# Retry Policy for Pipeline Steps
<a name="pipelines-retry-policy"></a>

Retry policies help you automatically retry your Pipelines steps after an error occurs. Any pipeline step can encounter exceptions, and exceptions happen for various reasons. In some cases, a retry can resolve these issues. With a retry policy for pipeline steps, you can choose whether to retry a particular pipeline step or not.

The retry policy only supports the following pipeline steps:
+ [Processing step](build-and-manage-steps-types.md#step-type-processing) 
+ [Training step](build-and-manage-steps-types.md#step-type-training) 
+ [Tuning step](build-and-manage-steps-types.md#step-type-tuning) 
+ [AutoML step](build-and-manage-steps-types.md#step-type-automl) 
+ [Create model step](build-and-manage-steps-types.md#step-type-create-model) 
+ [Register model step](build-and-manage-steps-types.md#step-type-register-model) 
+ [Transform step](build-and-manage-steps-types.md#step-type-transform) 
+ [Notebook job step](build-and-manage-steps-types.md#step-type-notebook-job) 

**Note**  
Jobs running inside both the tuning and AutoML steps conduct retries internally and will not retry the `SageMaker.JOB_INTERNAL_ERROR` exception type, even if a retry policy is configured. You can program your own [ Retry Strategy](https://docs.amazonaws.cn/sagemaker/latest/APIReference/API_RetryStrategy.html) using the SageMaker API.

## Supported exception types for the retry policy
<a name="pipelines-retry-policy-supported-exceptions"></a>

The retry policy for pipeline steps supports the following exception types:
+ `Step.SERVICE_FAULT`: These exceptions occur when an internal server error or transient error happens when calling downstream services. Pipelines retries on this type of error automatically. With a retry policy, you can override the default retry operation for this exception type.
+ `Step.THROTTLING`: Throttling exceptions can occur while calling the downstream services. Pipelines retries on this type of error automatically. With a retry policy, you can override the default retry operation for this exception type.
+ `SageMaker.JOB_INTERNAL_ERROR`: These exceptions occur when the SageMaker AI job returns `InternalServerError`. In this case, starting a new job may fix a transient issue.
+ `SageMaker.CAPACITY_ERROR`: The SageMaker AI job may encounter Amazon EC2 `InsufficientCapacityErrors`, which leads to the SageMaker AI job’s failure. You can retry by starting a new SageMaker AI job to avoid the issue. 
+ `SageMaker.RESOURCE_LIMIT`: You can exceeed the resource limit quota when running a SageMaker AI job. You can wait and retry running the SageMaker AI job after a short period and see if resources are released.

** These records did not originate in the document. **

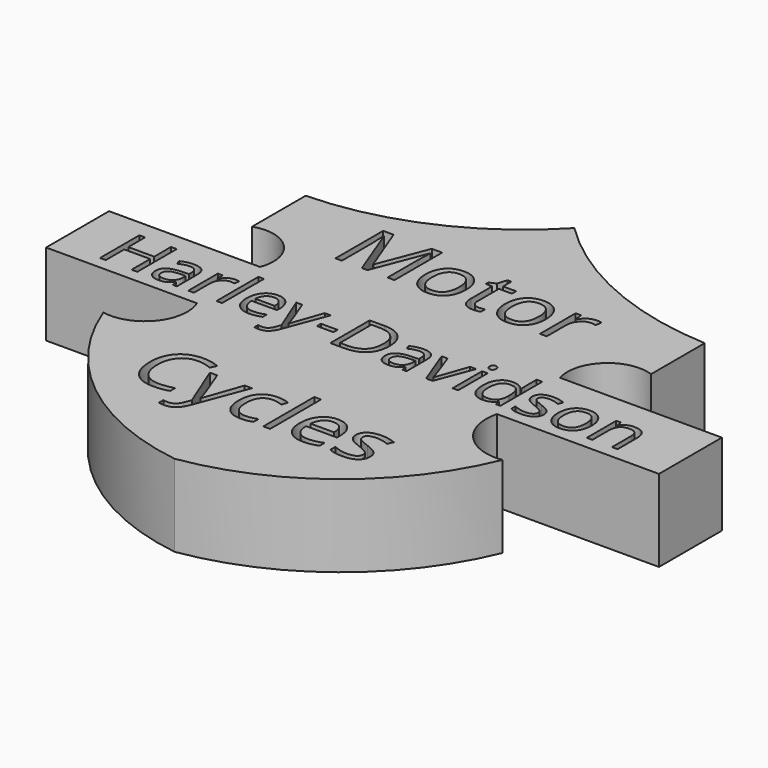
from build123d import *

# Parameters (mm, degrees)
F1_DEPTH       = 12.7
F2_TEXT_SIZE   = 10.6812383617
F2_TEXT_SIZE_2 = 12.9227403603
F2_TEXT_SIZE_3 = 13.0034595107
F3_DEPTH       = 4.7625


# Not quite as in the source:
# - a feature names something its author has since deleted; it is built from what else it names
# - Text() gives the source's letters only with a copy of the font that has no kerning and outlines rounded to 1/6400 em; it was checked with that copy


with BuildPart() as f1:
    # F0 (on Top) → F1 (new body)
    with BuildSketch(Plane.XY):
        with BuildLine():
            ThreePointArc((0, 49.3393465877), (-13.9738033652, 39.4203584503), (-30.6895431131, 35.6470905244))
            Line((-30.6895431131, 35.6470905244), (-30.6895431131, 25.2598598599))
            ThreePointArc((-30.6895431131, 25.2598598599), (-24.5799846212, 23.789218133), (-23.352952674, 17.6261113957))
            Line((-23.352952674, 17.6261113957), (-46.7425361276, 17.6261113957))
            Line((-46.7425361276, 17.6261113957), (-46.7425361276, 5.4296925664))
            Line((-46.7425361276, 5.4296925664), (-23.352952674, 5.4296925664))
            ThreePointArc((-23.352952674, 5.4296925664), (-24.355624715, -1.2357318071), (-30.6895431131, -3.5410975106))
            ThreePointArc((-30.6895431131, -3.5410975106), (-18.6970188833, -20.007224129), (0, -28.092732653))
            ThreePointArc((0, -28.092732653), (18.7984206541, -19.9007600012), (31.1616919935, -3.5410975106))
            ThreePointArc((31.1616919935, -3.5410975106), (24.7479326392, -1.2035277243), (23.1351926923, 5.4296925664))
            Line((23.1351926923, 5.4296925664), (48.243265599, 5.4296925664))
            Line((48.243265599, 5.4296925664), (48.243265599, 17.6261113957))
            Line((48.243265599, 17.6261113957), (23.1351926923, 17.6261113957))
            ThreePointArc((23.1351926923, 17.6261113957), (24.8193778355, 23.8918788195), (31.1616919935, 25.2598598599))
            Line((31.1616919935, 25.2598598599), (31.1616919935, 35.6470905244))
            ThreePointArc((31.1616919935, 35.6470905244), (14.3153805648, 39.6131932456), (0, 49.3393465877))
        make_face()
    extrude(amount=F1_DEPTH)

    # F2 (on face) → F3 (cut)
    with BuildSketch(Plane.XY.offset(12.7)):
        with Locations((-40.9784040805, 7.3576108553)):
            Text('Harley-Davidson', F2_TEXT_SIZE, font='Open Sans', text_align=(TextAlign.LEFT, TextAlign.BOTTOM))
        with Locations((-18.8853735297, 25.0962935388)):
            Text('Motor', F2_TEXT_SIZE_2, font='Open Sans', text_align=(TextAlign.LEFT, TextAlign.BOTTOM))
        with Locations((-18.9911462573, -14.7647988051)):
            Text('Cycles', F2_TEXT_SIZE_3, font='Open Sans', text_align=(TextAlign.LEFT, TextAlign.BOTTOM))
    extrude(amount=-F3_DEPTH, mode=Mode.SUBTRACT)


solid = f1.part

## The JSON schema for the retry policy
<a name="pipelines-retry-policy-json-schema"></a>

The retry policy for Pipelines has the following JSON schema:

```
"RetryPolicy": {
   "ExceptionType": [String]
   "IntervalSeconds": Integer
   "BackoffRate": Double
   "MaxAttempts": Integer
   "ExpireAfterMin": Integer
}
```
+ `ExceptionType`: This field requires the following exception types in a string array format.
  + `Step.SERVICE_FAULT`
  + `Step.THROTTLING`
  + `SageMaker.JOB_INTERNAL_ERROR`
  + `SageMaker.CAPACITY_ERROR`
  + `SageMaker.RESOURCE_LIMIT`
+ `IntervalSeconds` (optional): The number of seconds before the first retry attempt (1 by default). `IntervalSeconds` has a maximum value of 43200 seconds (12 hours).
+ `BackoffRate` (optional): The multiplier by which the retry interval increases during each attempt (2.0 by default).
+ `MaxAttempts` (optional): A positive integer that represents the maximum number of retry attempts (5 by default). If the error recurs more times than `MaxAttempts` specifies, retries cease and normal error handling resumes. A value of 0 specifies that errors are never retried. `MaxAttempts` has a maximum value of 20.
+ `ExpireAfterMin` (optional): A positive integer that represents the maximum timespan of retry. If the error recurs after `ExpireAfterMin` minutes counting from the step gets executed, retries cease and normal error handling resumes. A value of 0 specifies that errors are never retried. `ExpireAfterMin ` has a maximum value of 14,400 minutes (10 days).
**Note**  
Only one of `MaxAttempts` or `ExpireAfterMin` can be given, but not both; if both are *not* specified, `MaxAttempts` becomes the default. If both properties are identified within one policy, then the retry policy generates a validation error.